◆ **Task directions**
Every entry gets copied exactly. No images go into the copy.

Stored items:

+++

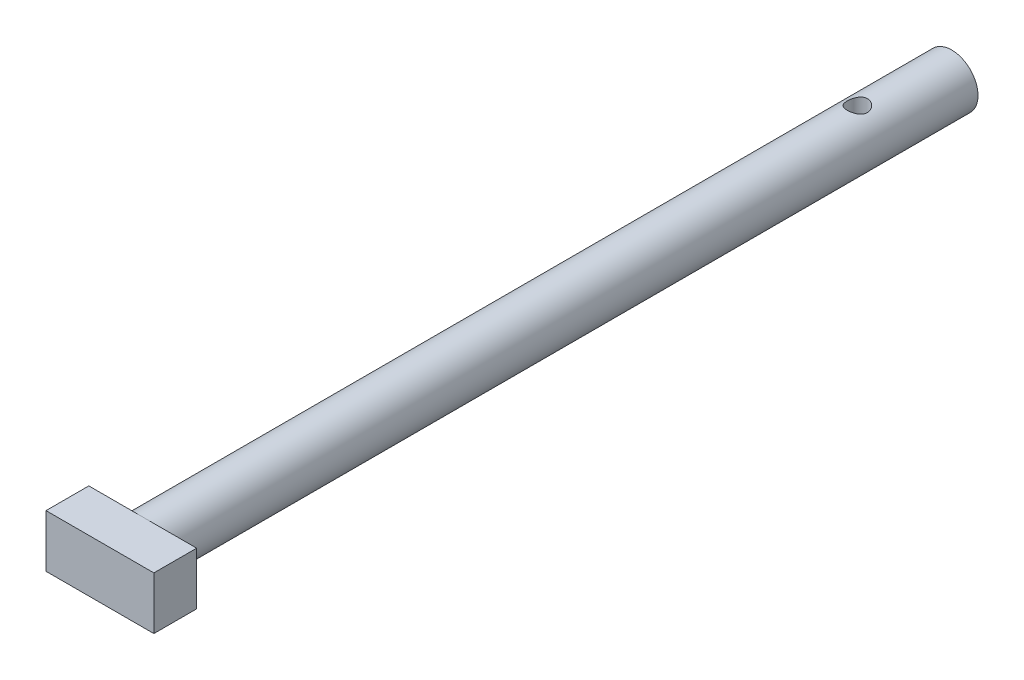
from build123d import *

# Parameters (mm, degrees)
SKETCH1_R           = 1.95
BOSS_EXTRUDE1_DEPTH = 60
SKETCH2_W           = 8
SKETCH2_H           = 3.9
BOSS_EXTRUDE2_DEPTH = 3.175
SKETCH3_R           = 0.75
CUT_EXTRUDE1_DEPTH  = 5


with BuildPart() as part:
    # Sketch1 → Boss-Extrude1 (new body)
    with BuildSketch(Plane.XY):
        Circle(SKETCH1_R)
    extrude(amount=BOSS_EXTRUDE1_DEPTH)

    # Sketch2 → Boss-Extrude2 (add)
    with BuildSketch(Plane.XY.offset(60)):
        Rectangle(SKETCH2_W, SKETCH2_H)
    extrude(amount=BOSS_EXTRUDE2_DEPTH)

    # Sketch3 → Cut-Extrude1 (cut)
    with BuildSketch(Plane(origin=(0, 1.95, 0), x_dir=(1, 0, 0), z_dir=(0, 1, 0))):
        with Locations((0, -7)):
            Circle(SKETCH3_R)
    extrude(amount=-CUT_EXTRUDE1_DEPTH, mode=Mode.SUBTRACT)


solid = part.part

+++

◆ **Response to this exercise**
from build123d import *

# Parameters (mm, degrees)
SKETCH1_R           = 1.95
BOSS_EXTRUDE1_DEPTH = 60
SKETCH2_W           = 8
SKETCH2_H           = 3.9
BOSS_EXTRUDE2_DEPTH = 3.175
SKETCH3_R           = 0.75
CUT_EXTRUDE1_DEPTH  = 5


with BuildPart() as part:
    # Sketch1 → Boss-Extrude1 (new body)
    with BuildSketch(Plane.XY):
        Circle(SKETCH1_R)
    extrude(amount=BOSS_EXTRUDE1_DEPTH)

    # Sketch2 → Boss-Extrude2 (add)
    with BuildSketch(Plane.XY.offset(60)):
        Rectangle(SKETCH2_W, SKETCH2_H)
    extrude(amount=BOSS_EXTRUDE2_DEPTH)

    # Sketch3 → Cut-Extrude1 (cut)
    with BuildSketch(Plane(origin=(0, 1.95, 0), x_dir=(1, 0, 0), z_dir=(0, 1, 0))):
        with Locations((0, -7)):
            Circle(SKETCH3_R)
    extrude(amount=-CUT_EXTRUDE1_DEPTH, mode=Mode.SUBTRACT)


solid = part.part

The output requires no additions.